Opera singer Eric Jordan sings his way through stroke recovery process
One early morning in September 2012, Eric Jordan was awakened by the cries of his 20-month-old son — and that kept him from dying in his sleep. As he tried to go to his child, Jordan fell to the floor, paralyzed. The opera singer would soon learn that he had undergone a severe stroke that robbed him of his speech.
After awakening from surgery, Jordan still couldn’t speak and feared his career singing bass with the Metropolitan Opera was over. But he soon made an uplifting discovery: Even as he struggled to relearn to speak, he could sing.
Six weeks after his stroke, Jordan, 41, returned to sing on the Met stage, and he remains on the roster today.
In a voice that can sound slightly robotic as he enunciated every syllable, he spoke about his journey back from his stroke. After he sweetly sang a few perfect bars of “Puff, the Magic Dragon,” the sentences that followed suddenly flowed freely.
Both your son and your wife helped save your life?
My baby boy woke me at 5:30 in the morning. I stood up and then passed out. My wife reacted quickly. She saw my face drooping and my right arm dangling. I couldn’t speak. She called 911, and I was rushed to New York Presbyterian Hospital. Conventional treatment did not work so a mechanical thrombectomy procedure was performed. That means a small device was used to surgically remove the blood clot in my brain and blood flow was restored. Every hospital should have one of those devices. Those three things — my son, my wife and the surgery — are why I’m still alive.
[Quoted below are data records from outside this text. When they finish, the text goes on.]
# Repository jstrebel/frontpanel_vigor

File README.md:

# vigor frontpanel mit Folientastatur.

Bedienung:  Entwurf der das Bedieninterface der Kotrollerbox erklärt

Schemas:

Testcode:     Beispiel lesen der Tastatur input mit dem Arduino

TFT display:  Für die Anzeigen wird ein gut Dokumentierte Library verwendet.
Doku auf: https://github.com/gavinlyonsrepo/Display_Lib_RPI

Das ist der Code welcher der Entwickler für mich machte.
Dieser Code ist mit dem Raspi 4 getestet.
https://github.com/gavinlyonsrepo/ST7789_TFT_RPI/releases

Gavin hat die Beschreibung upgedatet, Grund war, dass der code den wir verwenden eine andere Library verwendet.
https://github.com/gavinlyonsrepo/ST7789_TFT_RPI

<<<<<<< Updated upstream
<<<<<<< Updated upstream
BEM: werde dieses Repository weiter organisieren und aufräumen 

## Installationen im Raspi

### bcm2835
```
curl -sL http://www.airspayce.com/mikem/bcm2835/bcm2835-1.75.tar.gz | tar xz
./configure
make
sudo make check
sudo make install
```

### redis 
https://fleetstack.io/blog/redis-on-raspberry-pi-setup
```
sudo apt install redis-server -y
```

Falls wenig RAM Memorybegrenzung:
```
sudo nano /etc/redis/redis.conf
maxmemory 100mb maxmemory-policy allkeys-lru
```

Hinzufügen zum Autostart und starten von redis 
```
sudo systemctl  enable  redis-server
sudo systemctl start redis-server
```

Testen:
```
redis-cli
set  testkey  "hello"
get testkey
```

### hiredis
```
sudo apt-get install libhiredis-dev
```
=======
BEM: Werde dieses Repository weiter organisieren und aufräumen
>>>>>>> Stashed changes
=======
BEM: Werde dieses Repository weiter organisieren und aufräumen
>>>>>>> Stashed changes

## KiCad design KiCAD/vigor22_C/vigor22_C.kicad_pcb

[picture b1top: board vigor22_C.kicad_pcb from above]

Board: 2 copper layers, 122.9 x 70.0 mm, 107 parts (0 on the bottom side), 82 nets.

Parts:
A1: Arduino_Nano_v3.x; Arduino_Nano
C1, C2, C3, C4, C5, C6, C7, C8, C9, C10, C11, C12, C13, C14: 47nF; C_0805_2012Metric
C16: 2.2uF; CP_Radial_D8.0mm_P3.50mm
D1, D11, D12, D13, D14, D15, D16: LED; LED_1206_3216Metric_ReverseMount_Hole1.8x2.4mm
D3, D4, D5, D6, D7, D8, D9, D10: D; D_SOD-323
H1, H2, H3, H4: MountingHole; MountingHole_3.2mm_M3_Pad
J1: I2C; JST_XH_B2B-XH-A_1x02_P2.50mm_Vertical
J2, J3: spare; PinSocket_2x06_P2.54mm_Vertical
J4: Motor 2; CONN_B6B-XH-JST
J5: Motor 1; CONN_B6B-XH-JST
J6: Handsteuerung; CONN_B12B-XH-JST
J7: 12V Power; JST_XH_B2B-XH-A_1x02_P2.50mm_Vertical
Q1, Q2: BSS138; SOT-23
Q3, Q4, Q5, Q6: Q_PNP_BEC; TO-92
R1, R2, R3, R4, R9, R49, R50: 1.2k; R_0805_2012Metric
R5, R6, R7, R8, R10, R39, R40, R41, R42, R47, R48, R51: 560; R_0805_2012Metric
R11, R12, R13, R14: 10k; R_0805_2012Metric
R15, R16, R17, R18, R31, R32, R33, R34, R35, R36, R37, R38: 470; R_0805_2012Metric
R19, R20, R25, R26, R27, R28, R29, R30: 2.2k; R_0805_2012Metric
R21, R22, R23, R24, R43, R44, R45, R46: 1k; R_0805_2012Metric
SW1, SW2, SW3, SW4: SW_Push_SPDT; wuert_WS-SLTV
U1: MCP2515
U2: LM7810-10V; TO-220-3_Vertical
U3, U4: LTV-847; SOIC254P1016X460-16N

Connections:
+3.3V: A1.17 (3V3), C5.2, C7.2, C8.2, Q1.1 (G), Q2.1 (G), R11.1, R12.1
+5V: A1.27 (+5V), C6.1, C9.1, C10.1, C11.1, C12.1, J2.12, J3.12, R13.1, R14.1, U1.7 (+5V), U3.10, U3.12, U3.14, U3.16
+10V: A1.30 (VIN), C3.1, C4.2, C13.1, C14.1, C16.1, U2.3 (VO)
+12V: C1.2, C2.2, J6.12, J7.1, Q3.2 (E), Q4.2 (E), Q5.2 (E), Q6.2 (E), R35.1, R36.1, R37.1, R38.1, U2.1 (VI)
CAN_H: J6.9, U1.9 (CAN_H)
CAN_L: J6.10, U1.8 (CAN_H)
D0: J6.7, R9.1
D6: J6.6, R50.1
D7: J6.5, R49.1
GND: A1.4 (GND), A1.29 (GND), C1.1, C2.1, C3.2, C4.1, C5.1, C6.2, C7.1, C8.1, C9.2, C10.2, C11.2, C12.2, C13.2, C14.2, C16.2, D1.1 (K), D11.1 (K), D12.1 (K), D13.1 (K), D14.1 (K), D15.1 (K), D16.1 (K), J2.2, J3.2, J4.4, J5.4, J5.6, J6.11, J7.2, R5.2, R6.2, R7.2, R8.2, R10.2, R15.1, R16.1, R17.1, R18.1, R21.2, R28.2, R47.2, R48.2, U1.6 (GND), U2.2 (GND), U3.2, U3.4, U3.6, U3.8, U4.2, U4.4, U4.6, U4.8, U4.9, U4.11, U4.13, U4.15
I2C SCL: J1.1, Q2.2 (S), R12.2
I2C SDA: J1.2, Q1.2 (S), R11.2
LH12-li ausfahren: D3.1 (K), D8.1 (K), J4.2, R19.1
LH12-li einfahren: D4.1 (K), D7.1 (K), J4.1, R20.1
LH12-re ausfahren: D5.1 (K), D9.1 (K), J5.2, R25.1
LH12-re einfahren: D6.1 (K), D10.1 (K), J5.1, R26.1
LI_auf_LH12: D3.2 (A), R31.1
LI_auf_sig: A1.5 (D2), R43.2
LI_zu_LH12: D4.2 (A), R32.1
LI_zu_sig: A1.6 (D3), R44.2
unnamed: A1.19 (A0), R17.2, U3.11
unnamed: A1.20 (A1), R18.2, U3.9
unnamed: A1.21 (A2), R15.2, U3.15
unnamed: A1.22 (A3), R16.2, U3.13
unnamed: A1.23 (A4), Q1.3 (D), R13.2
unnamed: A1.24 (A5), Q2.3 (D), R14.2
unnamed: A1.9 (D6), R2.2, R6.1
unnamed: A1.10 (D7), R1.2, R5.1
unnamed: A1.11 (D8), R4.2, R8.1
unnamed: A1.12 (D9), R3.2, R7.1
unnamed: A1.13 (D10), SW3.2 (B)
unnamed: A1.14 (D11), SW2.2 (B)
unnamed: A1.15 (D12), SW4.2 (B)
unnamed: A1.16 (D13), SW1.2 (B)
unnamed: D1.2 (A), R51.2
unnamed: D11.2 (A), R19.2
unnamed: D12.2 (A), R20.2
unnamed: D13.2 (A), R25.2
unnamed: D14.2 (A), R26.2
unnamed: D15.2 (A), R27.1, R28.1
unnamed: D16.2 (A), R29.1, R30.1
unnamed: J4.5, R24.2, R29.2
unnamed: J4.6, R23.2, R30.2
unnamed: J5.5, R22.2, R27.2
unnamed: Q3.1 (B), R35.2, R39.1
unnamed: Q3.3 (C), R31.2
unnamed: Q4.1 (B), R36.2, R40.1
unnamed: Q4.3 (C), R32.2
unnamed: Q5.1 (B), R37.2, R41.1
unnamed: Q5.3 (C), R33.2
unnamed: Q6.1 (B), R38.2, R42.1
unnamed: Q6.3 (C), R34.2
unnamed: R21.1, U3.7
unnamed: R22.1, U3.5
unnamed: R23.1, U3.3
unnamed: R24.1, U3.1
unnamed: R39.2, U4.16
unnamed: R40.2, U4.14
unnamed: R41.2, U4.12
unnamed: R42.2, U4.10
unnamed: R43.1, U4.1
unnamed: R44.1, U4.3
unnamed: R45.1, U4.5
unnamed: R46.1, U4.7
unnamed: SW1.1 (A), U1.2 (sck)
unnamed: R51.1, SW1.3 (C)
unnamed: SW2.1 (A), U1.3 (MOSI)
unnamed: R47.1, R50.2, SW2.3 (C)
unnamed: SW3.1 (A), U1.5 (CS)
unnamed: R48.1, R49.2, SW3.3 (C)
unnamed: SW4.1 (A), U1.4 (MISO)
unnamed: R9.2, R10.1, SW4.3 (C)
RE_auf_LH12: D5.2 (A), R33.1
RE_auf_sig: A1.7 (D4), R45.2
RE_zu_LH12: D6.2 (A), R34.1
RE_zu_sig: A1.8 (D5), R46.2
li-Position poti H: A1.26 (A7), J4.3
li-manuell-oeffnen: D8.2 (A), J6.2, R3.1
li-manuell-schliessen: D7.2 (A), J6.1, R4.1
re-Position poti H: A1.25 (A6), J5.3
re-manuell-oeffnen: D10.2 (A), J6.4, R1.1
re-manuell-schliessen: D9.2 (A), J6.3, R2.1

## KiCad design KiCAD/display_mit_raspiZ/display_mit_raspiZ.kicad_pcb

Why is it easier for you to sing than speak?
The stroke affected the left part of my brain, where speech and fine-motor tuning are governed. The right part of my brain is the singing part. My piano playing and guitar picking are helping my fine-motor skills. After surgery, I woke up in a panic because I was supposed to perform that night, and I could not even speak. I used to love to talk, so it was terribly devastating.
How were you able to return to performing so quickly?
Five days after my stroke I began physical, speech and occupational therapy. My speech pathologist taught me to speak loudly and slowly, and to use short sentences. My coach from the Met helped me regain my full ability to sing. My wife, Christina, is also a singer and gave me so much support. I got my chance to return to the Met when another singer had jury duty. When I took the stage again, I was very scared but happy and thankful, all the emotions you could think or feel. Luckily, I’m still an employable singer.
Has the stroke affected you in other ways?
My long-term memory is fully intact. My mid-term memory is OK, maybe at 80%. But my short-term memory is shot, so I take a lot of notes. My speech is improving every week. I’m happy to say that the singer might fully regain his speech someday. I sing and scat my way through the day. Instead of reading children’s books to my son, Gabriel, I sing them.
You plan to tour to share your story as a stroke survivor?
I will work with medical facilities to help stroke patients learn to recover their speech through singing. If they are having trouble speaking, I want them to remember that they can always sing through their troubles.